Figure 1.

Liver lipidomic patterns distinctly differ between neonatal wild type (wt) and Mdr2^+/− mice. Protein blot analysis by SDS-PAGE was performed of crude hepatic protein extracts from neonatal mice. Numbers on blot in the left panel denote relative densitometry values for the intensity of the Mdr2-band at 140kDa normalized against the specific band recognized by the anti-Actin antibody at 43kDa in the right panel (a). Principal component analysis (PCA) of total 7281 features (4502 negative compound ions, 2779 positive compound ions) detected by mass spectrometry (MS) on liver tissue homogenates from neonatal Mdr2^−/− mice (denoted as circles), Mdr2^+/− (squares) and wt mice (triangles) following exhaustive lipid extraction; MS analysis was performed in triplicate for each sample and the intensity of each compound ion is reported as average of three injections (b).
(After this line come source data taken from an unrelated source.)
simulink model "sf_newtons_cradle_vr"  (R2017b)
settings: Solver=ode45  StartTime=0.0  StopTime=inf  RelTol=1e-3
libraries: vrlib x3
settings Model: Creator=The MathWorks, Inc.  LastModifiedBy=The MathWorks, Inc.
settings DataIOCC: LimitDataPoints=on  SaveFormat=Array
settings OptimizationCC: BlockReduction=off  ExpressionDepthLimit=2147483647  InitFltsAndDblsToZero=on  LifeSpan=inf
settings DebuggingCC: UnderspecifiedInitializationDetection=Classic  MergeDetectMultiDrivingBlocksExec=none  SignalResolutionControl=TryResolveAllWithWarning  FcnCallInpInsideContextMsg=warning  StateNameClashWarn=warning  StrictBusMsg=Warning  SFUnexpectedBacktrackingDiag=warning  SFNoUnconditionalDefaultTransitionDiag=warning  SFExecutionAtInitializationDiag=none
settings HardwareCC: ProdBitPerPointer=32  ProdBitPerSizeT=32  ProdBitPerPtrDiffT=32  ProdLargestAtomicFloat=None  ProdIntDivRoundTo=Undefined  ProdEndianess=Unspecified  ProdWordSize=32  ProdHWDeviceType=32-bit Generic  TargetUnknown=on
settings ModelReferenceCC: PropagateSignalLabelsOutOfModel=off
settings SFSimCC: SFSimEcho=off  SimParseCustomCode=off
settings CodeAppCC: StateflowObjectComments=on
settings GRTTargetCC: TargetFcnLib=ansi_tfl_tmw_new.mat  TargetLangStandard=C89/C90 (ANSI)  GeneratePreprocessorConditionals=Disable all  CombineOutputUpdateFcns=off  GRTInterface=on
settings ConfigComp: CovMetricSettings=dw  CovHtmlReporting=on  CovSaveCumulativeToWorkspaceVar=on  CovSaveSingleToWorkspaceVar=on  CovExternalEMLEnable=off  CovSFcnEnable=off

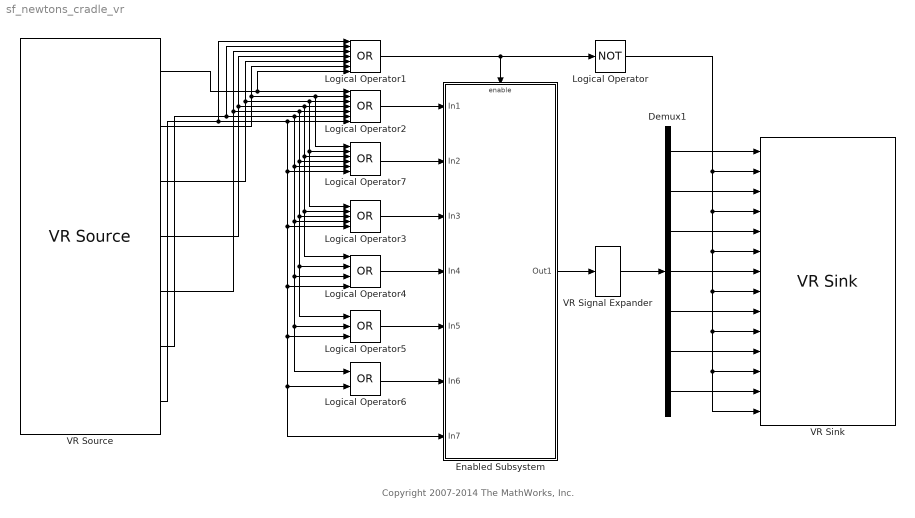
== system sf_newtons_cradle_vr ==
  note: Copyright 2007-2014 The MathWorks, Inc.
  Demux1 : Demux  Outputs=7
  Enabled Subsystem : Subsystem  TreatAsAtomicUnit=on
  Logical Operator : Logic  Operator=NOT  AllPortsSameDT=off  OutDataTypeStr=boolean
  Logical Operator1 : Logic  Operator=OR  Inputs=7  AllPortsSameDT=off  OutDataTypeStr=boolean
  Logical Operator2 : Logic  Operator=OR  Inputs=7  AllPortsSameDT=off  OutDataTypeStr=boolean
  Logical Operator3 : Logic  Operator=OR  Inputs=5  AllPortsSameDT=off  OutDataTypeStr=boolean
  Logical Operator4 : Logic  Operator=OR  Inputs=4  AllPortsSameDT=off  OutDataTypeStr=boolean
  Logical Operator5 : Logic  Operator=OR  Inputs=3  AllPortsSameDT=off  OutDataTypeStr=boolean
  Logical Operator6 : Logic  Operator=OR  AllPortsSameDT=off  OutDataTypeStr=boolean
  Logical Operator7 : Logic  Operator=OR  Inputs=6  AllPortsSameDT=off  OutDataTypeStr=boolean
  VR Signal Expander : vrlib/VR Signal Expander  outwidth=28  outidx=[4 8 12 16 20 24 28]
      settings: SourceProductName=Simulink 3D Animation  SourceProductBaseCode=VR
  VR Sink : vrlib/VR Sink  InstantiateOnLoad=on  SampleTime=0.01  ViewEnable=on  RemoteChange=off  RemoteView=off  FieldsWritten=Assembly1.ProtoRotation.4.1.1.double#Assembly1.ProtoEnabled.1.1.1.logical#Assembly2.ProtoRotation.4.1.1.double#Assembly2.ProtoEnabled.1.1.1.logical#Assembly3.ProtoRotation.4.1.1.double#Assembly3.ProtoEnabled.1.1.1.logical#Assembly4.ProtoRotation.4.1.1.double#Assembly4.ProtoEnabled.1.1.1.logical#Assembly5.ProtoRotation.4.1.1.double#Assembly5.ProtoEnabled.1.1.1.logical#Assembly6.ProtoRotation.4.1.1.double#Assembly6.ProtoEnabled.1.1.1.logical#Assembly7.ProtoRotation.4.1.1.double#Assembly7.ProtoEnabled.1.1.1.logical  WorldFileName=cradle.wrl  AutoView=off  VideoDimensions=[]  AllowVariableSize=off
      settings: SourceProductBaseCode=VR
  VR Source : vrlib/VR Source  InstantiateOnLoad=on  SampleTime=0.1  ViewEnable=on  RemoteChange=off  RemoteView=off  FieldsRead=Assembly1.ProtoIsActive.1.1.1.logical#Assembly2.ProtoIsActive.1.1.1.logical#Assembly3.ProtoIsActive.1.1.1.logical#Assembly4.ProtoIsActive.1.1.1.logical#Assembly5.ProtoIsActive.1.1.1.logical#Assembly6.ProtoIsActive.1.1.1.logical#Assembly7.ProtoIsActive.1.1.1.logical  WorldFileName=cradle.wrl  AutoView=off  VideoDimensions=[]  AllowVariableSize=off
      settings: SourceProductName=Simulink 3D Animation  SourceProductBaseCode=VR
  wires:
  Demux1/1 -> VR Sink/1
  Demux1/2 -> VR Sink/3
  Demux1/3 -> VR Sink/5
  Demux1/4 -> VR Sink/7
  Demux1/5 -> VR Sink/9
  Demux1/6 -> VR Sink/11
  Demux1/7 -> VR Sink/13
  Logical Operator/1 -> VR Sink/2, VR Sink/8, VR Sink/14, VR Sink/12, VR Sink/10, VR Sink/6, VR Sink/4
  VR Signal Expander/1 -> Demux1/1
  Logical Operator1/1 -> Logical Operator/1, Enabled Subsystem/Enable
  VR Source/1 -> Logical Operator1/7, Logical Operator2/1
  VR Source/2 -> Logical Operator1/6, Logical Operator2/2, Logical Operator7/1
  VR Source/3 -> Logical Operator1/5, Logical Operator3/1, Logical Operator7/2, Logical Operator2/3
  VR Source/4 -> Logical Operator1/4, Logical Operator4/1, Logical Operator3/2, Logical Operator7/3, Logical Operator2/4
  VR Source/5 -> Logical Operator1/3, Logical Operator5/1, Logical Operator4/2, Logical Operator3/3, Logical Operator7/4, Logical Operator2/5
  Logical Operator2/1 -> Enabled Subsystem/1(In1)
  Logical Operator7/1 -> Enabled Subsystem/2(In2)
  Logical Operator3/1 -> Enabled Subsystem/3(In3)
  Logical Operator4/1 -> Enabled Subsystem/4(In4)
  Logical Operator5/1 -> Enabled Subsystem/5(In5)
  Logical Operator6/1 -> Enabled Subsystem/6(In6)
  VR Source/6 -> Logical Operator1/2, Logical Operator6/1, Logical Operator5/2, Logical Operator4/3, Logical Operator3/4, Logical Operator7/5, Logical Operator2/6
  VR Source/7 -> Logical Operator1/1, Enabled Subsystem/7(In7), Logical Operator6/2, Logical Operator5/3, Logical Operator4/4, Logical Operator3/5, Logical Operator7/6, Logical Operator2/7
  Enabled Subsystem/1(Out1) -> VR Signal Expander/1

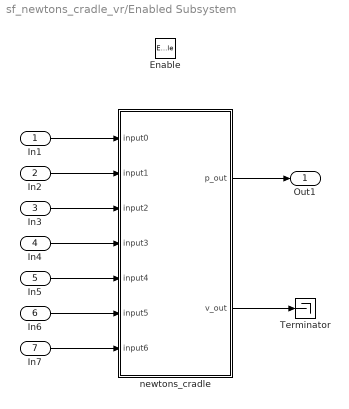
== system sf_newtons_cradle_vr/Enabled Subsystem ==
  In1 : Inport
  In2 : Inport  Port=2
  In3 : Inport  Port=3
  In4 : Inport  Port=4
  In5 : Inport  Port=5
  In6 : Inport  Port=6
  In7 : Inport  Port=7
  Enable : EnablePort
  Terminator : Terminator
  newtons_cradle : Stateflow chart  TreatAsAtomicUnit=on
  Out1 : Outport
  wires:
  newtons_cradle/2(v_out) -> Terminator/1
  newtons_cradle/1(p_out) -> Out1/1
  In3/1 -> newtons_cradle/3(input2)
  In4/1 -> newtons_cradle/4(input3)
  In2/1 -> newtons_cradle/2(input1)
  In1/1 -> newtons_cradle/1(input0)
  In5/1 -> newtons_cradle/5(input4)
  In6/1 -> newtons_cradle/6(input5)
  In7/1 -> newtons_cradle/7(input6)

== stateflow chart sf_newtons_cradle_vr/Enabled Subsystem/newtons_cradle ==
  settings: updateMethod=CONTINUOUS  initializeOutput=1
  state FreeDynamics
    du:
    p_out = p;
    v_out = v;
    p_dot = v;
    v_dot = -g/l*sin(p);
  state resetPositionsAndVelocities [function]
    (default) -> (junction 22) : {i=0;}
    (junction 22) -> (junction 24) [order 1] : [i < k-1]
    (junction 17) -> (junction 22) : {i++;}
    (junction 24) -> (junction 17) [order 2]
    (junction 24) -> (junction 17) [order 1] : [p[i] < p[i+1]]
        | {
        | // swap positions
        | tmp = p[i];
        | p[i] = p[i+1];
        | p[i+1] = tmp;
        | // swap velocities
        | tmp = v[i];
        | v[i] = v[i+1];
        | v[i+1] = tmp;
        | }
    (junction 22) -> (junction 23) [order 2]
  state collision = isCollisionPossible [function]
    (default) -> (junction 18) : {i=0;}
    (junction 18) -> (junction 20) [order 1] : [i < k-1]
    (junction 20) -> (junction 18) [order 2] : {i++;}
    (junction 18) -> (junction 19) [order 2] : {
        | collision = 0;
        | }
    (junction 20) -> (junction 21) [order 1] : [p[i] < p[i+1]]
        | {
        | collision = 1;
        | }
  (default) -> FreeDynamics : {
      | p = 0;
      | v = 0;
      |
      | p[0] = pi/3*input0;
      | p[1] = pi/3*input1;
      | p[2] = pi/3*input2;
      | p[3] = pi/3*input3;
      | p[4] = pi/3*input4;
      | p[5] = pi/3*input5;
      | p[6] = pi/3*input6;
      |
      | // uncomment the lines below to see
      | // some interesting behavior
      | // p[k-3] = -pi/6;
      | //p[k-2] = -pi/6;
      | // p[k-1] = -pi/6;
      | // v[0] = 2;
      | }
  FreeDynamics -> FreeDynamics : [isCollisionPossible()]
      | {resetPositionsAndVelocities();}
  data: i temporary double; tmp temporary double; collision function_output double; i temporary double; input0 input; p_out output double size=k; v_out output double size=k; g constant double =9.81; l constant double =1; pi constant double =3.141; p local double size=k; v local double size=k; k constant int32 =7; input1 input; input2 input; input3 input; input4 input; input5 input; input6 input
  data p settings: updateMethod=SF_CONTINUOUS_TIME_DATA
  data v settings: updateMethod=SF_CONTINUOUS_TIME_DATA

S-plot comparing Mdr2^+/− (right upper quadrant) with wt (left lower quadrant) with each point representing one of the 2779 positive compound ions. Compounds farthest away from Y-axis correspond to significantly changed metabolites in each group (c). Quantification of lipid species from metabolomic analysis shows that phosphatidylcholines (PC) and phosphatidylethanolamines (PE) accumulate while several triglyceride (TAG) species are reduced in livers of Mdr2^+/− (gray fill columns) and Mdr2^−/− (no fill columns) compared with wt mice (black fill columns) in (d).